Activity - Produce a verbatim transcript of the entries below, excluding pictures.

(Items from a data source)
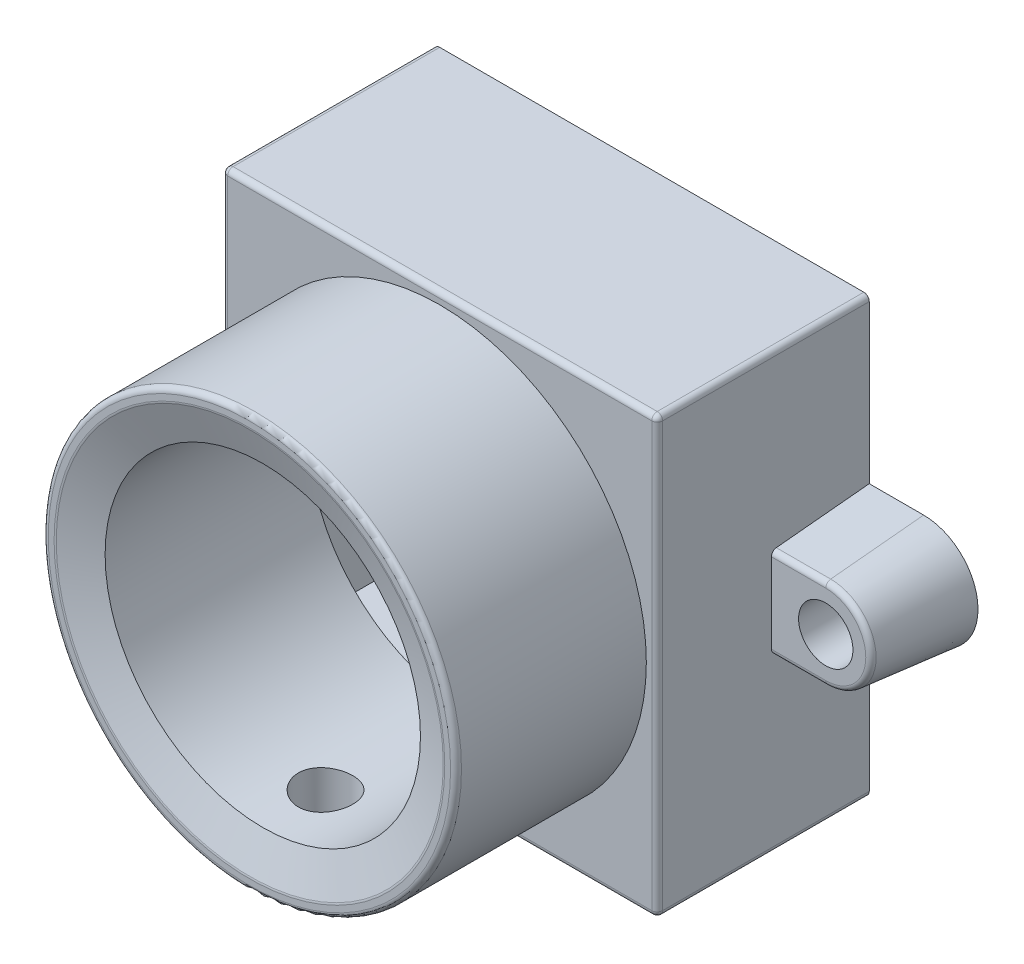
from build123d import *

# Parameters (mm, degrees)
SKETCH_1_W             = 16
SKETCH_1_H             = 16
EXTRUDE_1_DEPTH        = 7.8
SKETCH_2_R             = 7.6
EXTRUDE_2_DEPTH        = 7
EXTRUDE_3_DEPTH        = 3.6
EXTRUDE_3_TAPER        = 5.5
SKETCH_4_R             = 1
CUT_EXTRUDE_1_DEPTH    = 19.260339646
FILLET_1_R             = 0.2
FILLET_1_OF_MIRROR_1_R = 0.2
SKETCH_5_W             = 14.2
SKETCH_5_H             = 14.2
CUT_EXTRUDE_2_DEPTH    = 6.8
SKETCH_6_R             = 5.8
CUT_EXTRUDE_3_DEPTH    = 17.492422624
CHAMFER_1_SIZE         = 1.35
CHAMFER_1_SIZE2        = 0.491359816
FILLET_2_R             = 0.2
SKETCH_7_R             = 1
CUT_EXTRUDE_4_DEPTH    = 21.664946262
FILLET_3_R             = 0.2


with BuildPart() as part:
    # 草图1 → 凸台-拉伸1 (new body)
    with BuildSketch(Plane.XY):
        Rectangle(SKETCH_1_W, SKETCH_1_H)
    extrude(amount=EXTRUDE_1_DEPTH)

    # 草图2 → 凸台-拉伸2 (add)
    with BuildSketch(Plane.XY.offset(7.8)):
        Circle(SKETCH_2_R)
    extrude(amount=EXTRUDE_2_DEPTH)

    # 草图3 → 凸台-拉伸3 (add)
    with BuildSketch(Plane(origin=(0, 0, 0), x_dir=(-1, 0, 0), z_dir=(0, 0, -1))):
        with BuildLine():
            Line((10, 2), (4, 2))
            Line((4, 2), (4, -2))
            Line((4, -2), (10, -2))
            ThreePointArc((10, -2), (12, 0), (10, 2))
        make_face()
    extrude_3 = extrude(amount=-EXTRUDE_3_DEPTH, taper=EXTRUDE_3_TAPER)

    # 草图4 → 切除-拉伸1 (cut, through all)
    with BuildSketch(Plane.XY.offset(3.6)):
        with Locations((-10, 0)):
            Circle(SKETCH_4_R)
    cut_extrude_1 = extrude(amount=-CUT_EXTRUDE_1_DEPTH, mode=Mode.SUBTRACT)

    # 圆角1
    fillet_1_edges = [part.edges().sort_by_distance(p)[0] for p in [
        (-9, 1.653359426, 3.6),
        (-11.653359426, 0, 3.6),
        (-9, -1.653359426, 3.6),
    ]]
    fillet(fillet_1_edges, radius=FILLET_1_R)

    # 镜向1: 凸台-拉伸3, 切除-拉伸1 across plane
    add(extrude_3.mirror(Plane(origin=(0, 0, 0), x_dir=(0, 0, 1), z_dir=(1, 0, 0))))
    add(cut_extrude_1.mirror(Plane(origin=(0, 0, 0), x_dir=(0, 0, 1), z_dir=(1, 0, 0))), mode=Mode.SUBTRACT)

    # 圆角1 of 镜向1
    fillet_1_of_mirror_1_edges = [part.edges().sort_by_distance(p)[0] for p in [
        (9, 1.653359426, 3.6),
        (11.653359426, 0, 3.6),
        (9, -1.653359426, 3.6),
    ]]
    fillet(fillet_1_of_mirror_1_edges, radius=FILLET_1_OF_MIRROR_1_R)

    # 草图5 → 切除-拉伸2 (cut)
    with BuildSketch(Plane(origin=(0, 0, 0), x_dir=(-1, 0, 0), z_dir=(0, 0, -1))):
        Rectangle(SKETCH_5_W, SKETCH_5_H)
    extrude(amount=-CUT_EXTRUDE_2_DEPTH, mode=Mode.SUBTRACT)

    # 草图6 → 切除-拉伸3 (cut, through all)
    with BuildSketch(Plane(origin=(0, 0, 6.8), x_dir=(-1, 0, 0), z_dir=(0, 0, -1))):
        Circle(SKETCH_6_R)
    extrude(amount=-CUT_EXTRUDE_3_DEPTH, mode=Mode.SUBTRACT)

    # 倒角1
    chamfer_1_edges = [part.edges().sort_by_distance(p)[0] for p in [
        (5.8, 0, 14.8),
    ]]
    chamfer_1_side = [part.faces().sort_by_distance(p)[0] for p in [
        (-7.385039539, 0, 14.8),
    ]]
    chamfer(chamfer_1_edges, length=CHAMFER_1_SIZE, length2=CHAMFER_1_SIZE2, reference=chamfer_1_side[0])

    # 圆角2
    fillet_2_edges = [part.edges().sort_by_distance(p)[0] for p in [
        (-7.6, 0, 14.8),
        (7.15, 0, 14.8),
    ]]
    fillet(fillet_2_edges, radius=FILLET_2_R)

    # 草图7 → 切除-拉伸4 (cut, through all)
    with BuildSketch(Plane(origin=(0, 0, 0), x_dir=(1, 0, 0), z_dir=(0, 1, 0))):
        with Locations((0, -12)):
            Circle(SKETCH_7_R)
    extrude(amount=-CUT_EXTRUDE_4_DEPTH, mode=Mode.SUBTRACT)

    # 圆角3
    fillet_3_edges = [part.edges().sort_by_distance(p)[0] for p in [
        (-8, 0, 7.8),
        (0, 8, 7.8),
        (8, 0, 7.8),
        (0, -8, 7.8),
        (-8, 8, 3.9),
        (8, 8, 3.9),
        (8, -8, 3.9),
        (-8, -8, 3.9),
    ]]
    fillet(fillet_3_edges, radius=FILLET_3_R)


solid = part.part

Expected output -
from build123d import *

# Parameters (mm, degrees)
SKETCH_1_W             = 16
SKETCH_1_H             = 16
EXTRUDE_1_DEPTH        = 7.8
SKETCH_2_R             = 7.6
EXTRUDE_2_DEPTH        = 7
EXTRUDE_3_DEPTH        = 3.6
EXTRUDE_3_TAPER        = 5.5
SKETCH_4_R             = 1
CUT_EXTRUDE_1_DEPTH    = 19.260339646
FILLET_1_R             = 0.2
FILLET_1_OF_MIRROR_1_R = 0.2
SKETCH_5_W             = 14.2
SKETCH_5_H             = 14.2
CUT_EXTRUDE_2_DEPTH    = 6.8
SKETCH_6_R             = 5.8
CUT_EXTRUDE_3_DEPTH    = 17.492422624
CHAMFER_1_SIZE         = 1.35
CHAMFER_1_SIZE2        = 0.491359816
FILLET_2_R             = 0.2
SKETCH_7_R             = 1
CUT_EXTRUDE_4_DEPTH    = 21.664946262
FILLET_3_R             = 0.2


with BuildPart() as part:
    # 草图1 → 凸台-拉伸1 (new body)
    with BuildSketch(Plane.XY):
        Rectangle(SKETCH_1_W, SKETCH_1_H)
    extrude(amount=EXTRUDE_1_DEPTH)

    # 草图2 → 凸台-拉伸2 (add)
    with BuildSketch(Plane.XY.offset(7.8)):
        Circle(SKETCH_2_R)
    extrude(amount=EXTRUDE_2_DEPTH)

    # 草图3 → 凸台-拉伸3 (add)
    with BuildSketch(Plane(origin=(0, 0, 0), x_dir=(-1, 0, 0), z_dir=(0, 0, -1))):
        with BuildLine():
            Line((10, 2), (4, 2))
            Line((4, 2), (4, -2))
            Line((4, -2), (10, -2))
            ThreePointArc((10, -2), (12, 0), (10, 2))
        make_face()
    extrude_3 = extrude(amount=-EXTRUDE_3_DEPTH, taper=EXTRUDE_3_TAPER)

    # 草图4 → 切除-拉伸1 (cut, through all)
    with BuildSketch(Plane.XY.offset(3.6)):
        with Locations((-10, 0)):
            Circle(SKETCH_4_R)
    cut_extrude_1 = extrude(amount=-CUT_EXTRUDE_1_DEPTH, mode=Mode.SUBTRACT)

    # 圆角1
    fillet_1_edges = [part.edges().sort_by_distance(p)[0] for p in [
        (-9, 1.653359426, 3.6),
        (-11.653359426, 0, 3.6),
        (-9, -1.653359426, 3.6),
    ]]
    fillet(fillet_1_edges, radius=FILLET_1_R)

    # 镜向1: 凸台-拉伸3, 切除-拉伸1 across plane
    add(extrude_3.mirror(Plane(origin=(0, 0, 0), x_dir=(0, 0, 1), z_dir=(1, 0, 0))))
    add(cut_extrude_1.mirror(Plane(origin=(0, 0, 0), x_dir=(0, 0, 1), z_dir=(1, 0, 0))), mode=Mode.SUBTRACT)

    # 圆角1 of 镜向1
    fillet_1_of_mirror_1_edges = [part.edges().sort_by_distance(p)[0] for p in [
        (9, 1.653359426, 3.6),
        (11.653359426, 0, 3.6),
        (9, -1.653359426, 3.6),
    ]]
    fillet(fillet_1_of_mirror_1_edges, radius=FILLET_1_OF_MIRROR_1_R)

    # 草图5 → 切除-拉伸2 (cut)
    with BuildSketch(Plane(origin=(0, 0, 0), x_dir=(-1, 0, 0), z_dir=(0, 0, -1))):
        Rectangle(SKETCH_5_W, SKETCH_5_H)
    extrude(amount=-CUT_EXTRUDE_2_DEPTH, mode=Mode.SUBTRACT)

    # 草图6 → 切除-拉伸3 (cut, through all)
    with BuildSketch(Plane(origin=(0, 0, 6.8), x_dir=(-1, 0, 0), z_dir=(0, 0, -1))):
        Circle(SKETCH_6_R)
    extrude(amount=-CUT_EXTRUDE_3_DEPTH, mode=Mode.SUBTRACT)

    # 倒角1
    chamfer_1_edges = [part.edges().sort_by_distance(p)[0] for p in [
        (5.8, 0, 14.8),
    ]]
    chamfer_1_side = [part.faces().sort_by_distance(p)[0] for p in [
        (-7.385039539, 0, 14.8),
    ]]
    chamfer(chamfer_1_edges, length=CHAMFER_1_SIZE, length2=CHAMFER_1_SIZE2, reference=chamfer_1_side[0])

    # 圆角2
    fillet_2_edges = [part.edges().sort_by_distance(p)[0] for p in [
        (-7.6, 0, 14.8),
        (7.15, 0, 14.8),
    ]]
    fillet(fillet_2_edges, radius=FILLET_2_R)

    # 草图7 → 切除-拉伸4 (cut, through all)
    with BuildSketch(Plane(origin=(0, 0, 0), x_dir=(1, 0, 0), z_dir=(0, 1, 0))):
        with Locations((0, -12)):
            Circle(SKETCH_7_R)
    extrude(amount=-CUT_EXTRUDE_4_DEPTH, mode=Mode.SUBTRACT)

    # 圆角3
    fillet_3_edges = [part.edges().sort_by_distance(p)[0] for p in [
        (-8, 0, 7.8),
        (0, 8, 7.8),
        (8, 0, 7.8),
        (0, -8, 7.8),
        (-8, 8, 3.9),
        (8, 8, 3.9),
        (8, -8, 3.9),
        (-8, -8, 3.9),
    ]]
    fillet(fillet_3_edges, radius=FILLET_3_R)


solid = part.part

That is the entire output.